[PROVIDED INFORMATION Boundary: Start]
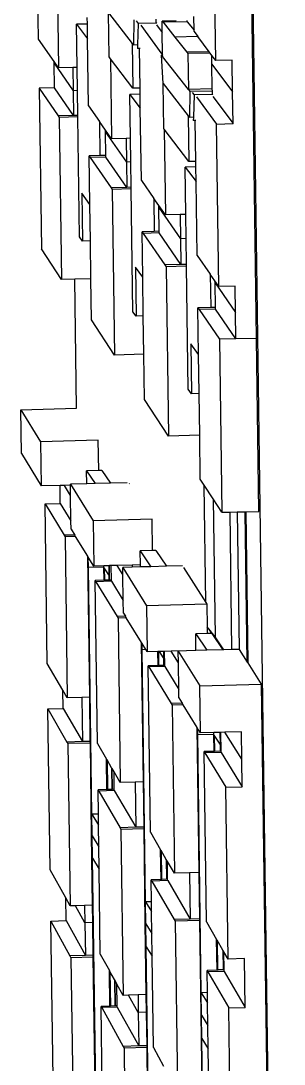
# Model space of a CAD drawing. Extents: x -106 to 80, y -44 to 65.
# Drawn here: x -104.349 to -103.234, y -10.406 to -5.991 of the extents above; entities that cross this region are included whole.
import ezdxf

# ---------------------------------------------------------------- set-up
doc = ezdxf.new("R2010")
doc.units = 0
doc.layers.get('0').update_dxf_attribs({"linetype": 'CONTINUOUS'})

msp = doc.modelspace()

# ---------------------------------------------------------------- linework, layer by layer
for p, q in [((-103.2335, -15.411), (-103.4445, -0.1507)), ((-103.3508, -7.3342), (-103.4037, -3.509)), ((-104.2736, -6.0676), (-104.2825, -5.4294)), ((-103.5233, -6.1584), (-103.5334, -5.4256)), ((-104.1932, -5.8582), (-104.1886, -6.1895)), ((-103.9778, -5.9561), (-103.8766, -6.0867)), ((-103.9752, -6.1434), (-103.9778, -5.9561)), ((-104.0668, -6.004), (-104.1128, -6.0051)), ((-104.0668, -6.004), (-104.0672, -5.9761)), ((-104.066, -6.0666), (-104.0668, -6.004)), ((-103.8696, -5.9861), (-103.8719, -6.0928)), ((-103.8596, -5.9911), (-103.8513, -6.0017)), ((-103.8513, -6.0017), (-103.8541, -6.0924)), ((-103.7733, -5.9999), (-103.8513, -6.0017)), ((-103.7754, -5.9969), (-103.7756, -5.984)), ((-103.7733, -5.9999), (-103.7754, -5.9969)), ((-103.6914, -5.99), (-103.75, -5.9913)), ((-103.75, -5.9913), (-103.746, -5.9965)), ((-103.7494, -6.0404), (-103.75, -5.9913)), ((-103.6438, -5.9942), (-103.746, -5.9965)), ((-103.746, -5.9965), (-103.6962, -6.0595)), ((-103.6438, -5.9942), (-103.6439, -5.9889)), ((-103.6438, -5.9942), (-103.615, -6.0303)), ((-103.615, -6.0303), (-103.6158, -5.9724)), ((-104.1128, -6.0051), (-104.066, -6.0666)), ((-104.1103, -6.1877), (-104.1128, -6.0051)), ((-104.1128, -6.0051), (-104.066, -6.0666)), ((-103.8408, -6.0092), (-103.7508, -6.1322)), ((-103.7735, -6.0077), (-103.7494, -6.0404)), ((-103.7481, -6.1321), (-103.7494, -6.0404)), ((-103.6149, -6.0359), (-103.615, -6.0303)), ((-103.6149, -6.0359), (-103.5989, -6.0573)), ((-104.2077, -6.1621), (-104.2736, -6.0676)), ((-104.062, -6.3503), (-104.066, -6.0666)), ((-103.8719, -6.0928), (-103.8766, -6.0867)), ((-103.8766, -6.0867), (-103.874, -6.2759)), ((-103.8541, -6.0924), (-103.8719, -6.0928)), ((-103.8541, -6.0924), (-103.8546, -6.1073)), ((-103.5989, -6.0573), (-103.6962, -6.0595)), ((-103.6962, -6.0595), (-103.6455, -6.1237)), ((-103.5509, -6.1215), (-103.5989, -6.0573)), ((-103.8461, -6.1071), (-103.8546, -6.1073)), ((-103.8436, -6.107), (-103.8461, -6.1071)), ((-103.8437, -6.2752), (-103.8461, -6.1071)), ((-103.7492, -6.1363), (-103.7522, -6.1364)), ((-103.7522, -6.1364), (-103.748, -6.1418)), ((-103.7455, -6.256), (-103.7522, -6.1364)), ((-103.7481, -6.1321), (-103.7508, -6.1322)), ((-103.7508, -6.1322), (-103.7493, -6.1342)), ((-103.7493, -6.1342), (-103.7492, -6.1363)), ((-103.7481, -6.1342), (-103.7493, -6.1342)), ((-103.748, -6.1363), (-103.7492, -6.1363)), ((-103.7481, -6.1342), (-103.7481, -6.1321)), ((-103.748, -6.1363), (-103.7481, -6.1342)), ((-103.748, -6.1418), (-103.748, -6.1363)), ((-103.5509, -6.1215), (-103.6455, -6.1237)), ((-103.6455, -6.1237), (-103.6414, -6.129)), ((-103.5469, -6.1268), (-103.6414, -6.129)), ((-103.6414, -6.129), (-103.6392, -6.281)), ((-103.5469, -6.1268), (-103.5509, -6.1215)), ((-103.5396, -6.1365), (-103.5469, -6.1268)), ((-103.5391, -6.1744), (-103.5396, -6.1365)), ((-103.5233, -6.1584), (-103.5396, -6.1365)), ((-104.2076, -6.1699), (-104.2077, -6.1621)), ((-104.1886, -6.1895), (-104.2077, -6.1621)), ((-104.2061, -6.2736), (-104.2076, -6.1699)), ((-104.2076, -6.1699), (-104.1266, -6.2862)), ((-103.9694, -6.151), (-103.9752, -6.1434)), ((-103.9694, -6.151), (-103.9647, -6.4896)), ((-103.874, -6.2759), (-103.9694, -6.151)), ((-103.6392, -6.281), (-103.748, -6.1418)), ((-103.5391, -6.1744), (-103.452, -6.2912)), ((-103.5377, -6.2786), (-103.5391, -6.1744)), ((-103.4538, -6.1568), (-103.5233, -6.1584)), ((-103.452, -6.2912), (-103.4538, -6.1568)), ((-104.1279, -6.1882), (-104.1886, -6.1895)), ((-104.1103, -6.1877), (-104.1279, -6.1882)), ((-104.1279, -6.1882), (-104.1266, -6.2862)), ((-104.1089, -6.2858), (-104.1103, -6.1877)), ((-103.7455, -6.256), (-103.6396, -6.3926)), ((-103.7428, -6.4475), (-103.7455, -6.256)), ((-104.2061, -6.2736), (-104.2707, -6.2751)), ((-104.2707, -6.2751), (-104.2612, -6.955)), ((-104.2707, -6.2751), (-104.1902, -6.3923)), ((-104.1251, -6.3908), (-104.2061, -6.2736)), ((-104.1089, -6.2858), (-104.1266, -6.2862)), ((-104.1266, -6.2862), (-104.1251, -6.3908)), ((-104.1074, -6.3904), (-104.1089, -6.2858)), ((-103.8434, -6.3008), (-103.8867, -6.3018)), ((-103.8867, -6.3018), (-103.8426, -6.3598)), ((-103.8842, -6.4877), (-103.8867, -6.3018)), ((-103.8437, -6.2752), (-103.874, -6.2759)), ((-103.8434, -6.3008), (-103.8437, -6.2752)), ((-103.8426, -6.3598), (-103.8434, -6.3008)), ((-103.5377, -6.2786), (-103.6392, -6.281)), ((-103.6392, -6.281), (-103.6323, -6.29)), ((-103.6323, -6.29), (-103.6348, -6.3989)), ((-103.5375, -6.2877), (-103.6323, -6.29)), ((-103.6235, -6.2932), (-103.6149, -6.3042)), ((-103.6149, -6.3042), (-103.6179, -6.3985)), ((-103.5351, -6.3023), (-103.6149, -6.3042)), ((-103.6042, -6.3119), (-103.5196, -6.4273)), ((-103.5375, -6.2877), (-103.5377, -6.2786)), ((-103.5374, -6.2992), (-103.5375, -6.2877)), ((-103.5351, -6.3023), (-103.5374, -6.2992)), ((-103.5353, -6.3103), (-103.4501, -6.4256)), ((-103.4501, -6.4256), (-103.452, -6.2912)), ((-104.062, -6.3503), (-104.0161, -6.4161)), ((-104.1251, -6.3908), (-104.1902, -6.3923)), ((-104.1902, -6.3923), (-104.1856, -6.3989)), ((-104.1074, -6.3971), (-104.1856, -6.3989)), ((-104.1856, -6.3989), (-104.1761, -7.085)), ((-104.1074, -6.3904), (-104.1251, -6.3908)), ((-104.1074, -6.3971), (-104.1074, -6.3904)), ((-104.1003, -6.9047), (-104.1074, -6.3971)), ((-103.8383, -6.6662), (-103.8426, -6.3598)), ((-103.6348, -6.3989), (-103.6396, -6.3926)), ((-103.6396, -6.3926), (-103.637, -6.586)), ((-103.6179, -6.3985), (-103.6348, -6.3989)), ((-103.6179, -6.3985), (-103.6183, -6.412)), ((-104.0161, -6.4161), (-104.014, -6.561)), ((-103.9901, -6.4533), (-104.0161, -6.4161)), ((-103.6097, -6.4118), (-103.6183, -6.412)), ((-103.6073, -6.5853), (-103.6097, -6.4118)), ((-103.6071, -6.4118), (-103.6097, -6.4118)), ((-103.5196, -6.4273), (-103.4501, -6.4256)), ((-103.51, -7.1147), (-103.5196, -6.4273)), ((-103.99, -6.4614), (-103.9901, -6.4533)), ((-103.9647, -6.4896), (-103.9901, -6.4533)), ((-103.99, -6.4614), (-103.9015, -6.5882)), ((-103.9886, -6.5604), (-103.99, -6.4614)), ((-103.9029, -6.4882), (-103.9647, -6.4896)), ((-103.8842, -6.4877), (-103.9029, -6.4882)), ((-103.9029, -6.4882), (-103.9015, -6.5882)), ((-103.8828, -6.5878), (-103.8842, -6.4877)), ((-103.7415, -6.4492), (-103.7428, -6.4475)), ((-103.7415, -6.4492), (-103.7365, -6.8121)), ((-103.637, -6.586), (-103.7415, -6.4492)), ((-104.014, -6.561), (-104.0591, -6.5621)), ((-104.0591, -6.5621), (-104.0544, -6.5689)), ((-104.0562, -6.7674), (-104.0591, -6.5621)), ((-103.9885, -6.5673), (-104.0544, -6.5689)), ((-104.0544, -6.5689), (-103.9665, -6.6967)), ((-103.9886, -6.5604), (-104.014, -6.561)), ((-103.9885, -6.5673), (-103.9886, -6.5604)), ((-103.9, -6.6951), (-103.9885, -6.5673)), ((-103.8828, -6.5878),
[PROVIDED INFORMATION Boundary: End]
_WHAT TO PRODUCE_
Please return only the lines from the top of the data through the line with "layer by layer", exactly as written, and drop every picture.

_ANSWER_
# Model space of a CAD drawing. Extents: x -106 to 80, y -44 to 65.
# Drawn here: x -104.349 to -103.234, y -10.406 to -5.991 of the extents above; entities that cross this region are included whole.
import ezdxf

# ---------------------------------------------------------------- set-up
doc = ezdxf.new("R2010")
doc.units = 0
doc.layers.get('0').update_dxf_attribs({"linetype": 'CONTINUOUS'})

msp = doc.modelspace()

# ---------------------------------------------------------------- linework, layer by layer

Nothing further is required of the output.